In  a departure from Sacco’s previous works there are no words – remember Walter Benjamin: ‘I have nothing to say only to show’ (though he was writing about literary montage) – though there is an accompanying essay by historian Adam Hochschil (adapted from his own book, To end all wars).  In an author’s note Sacco explains:

The Great War is modeled in part on Mateo Pericoli‘s wordless Manhattan Unfurled, a beautiful, accordion-style foldout drawing of the city’s skyline. As a comic book artist, however, I felt impelled to provide a narrative, so the Bayeux Tapestry, which tells the story of the Norman invasion of England, was my touchstone. In the interest of making the drawing compact, I referenced medieval art in other, stylistic ways, namely by dispensing with realistic perspective and proportion. Thus a few inches in the drawing might represent a hundred yards or a mile of reality. However, I have tried to get the details — the field kitchens, the horse ambulances — right.

Making The Great War wordless made it impossible to indict the high command or laud the sacrifice of the soldiers. It was a relief not to do these things. All I could do was show what happened between the general and the grave, and hope that even after a hundred years the bad taste has not been washed from our mouths.

He’s also cited other influences – the late Joe Colquhoun‘s Charley’s War [there’s an excellent and probably unique interview here], Jacques Tardi‘s It was the war of the trenches (see here).

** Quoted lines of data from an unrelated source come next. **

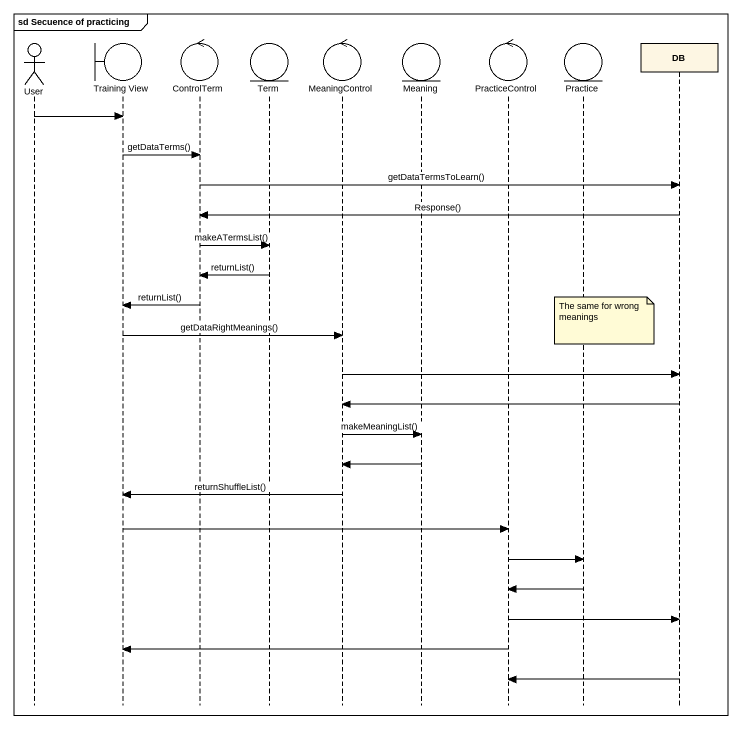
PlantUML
@startuml
mainframe sd Secuence of practicing
hide footbox
actor User
boundary "Training View" as Training_View
control ControlTerm
entity Term
control MeaningControl
entity Meaning
control PracticeControl
entity Practice
participant DB

User -> Training_View
Training_View -> ControlTerm : getDataTerms()
ControlTerm -> DB : getDataTermsToLearn()
DB -> ControlTerm : Response()
ControlTerm -> Term : makeATermsList()
Term -> ControlTerm : returnList()
ControlTerm -> Training_View : returnList()
note over Practice : The same for wrong meanings
Training_View -> MeaningControl : getDataRightMeanings()
MeaningControl -> DB
DB -> MeaningControl
MeaningControl -> Meaning : makeMeaningList()
Meaning -> MeaningControl
MeaningControl -> Training_View : returnShuffleList()
Training_View -> PracticeControl
PracticeControl -> Practice
Practice -> PracticeControl
PracticeControl -> DB
PracticeControl -> Training_View
DB -> PracticeControl
@enduml

The physical scale of the project is extraordinary – a day a foot, you might say – and NPR unfolded the panorama in its newsroom:

NPR unfolds Sacco

Here it is in a jerky video from Vimeo:

Laura Sneddon has an interesting report from Sacco’s appearance at the Edinburgh International Book Festival earlier this year, where he situated The Great War in relation to his previous work (notably, for me anyway, Palestine and Footnotes in Gaza) and described his take on his combination of listening-drawing-reporting.

I like the description of Sacco as a graphic journalist, and if you want to know more about his work there’s a short overview by Hannah Sender, a thoughtful review of Sacco’s Journalism by Rob Clough at The Comics Journal,  and a fine short article by Reed Johnson published by the Los Angeles Times to coincide with Footnotes.  In it, Sacco said he was at the point of thinking it was time ‘to walk away from battlefields…’  I’m glad he didn’t.

If you’re in London later this month he’s appearing at the LRB Bookshop on Monday 28 October  in conversation with David Boyd Hancock.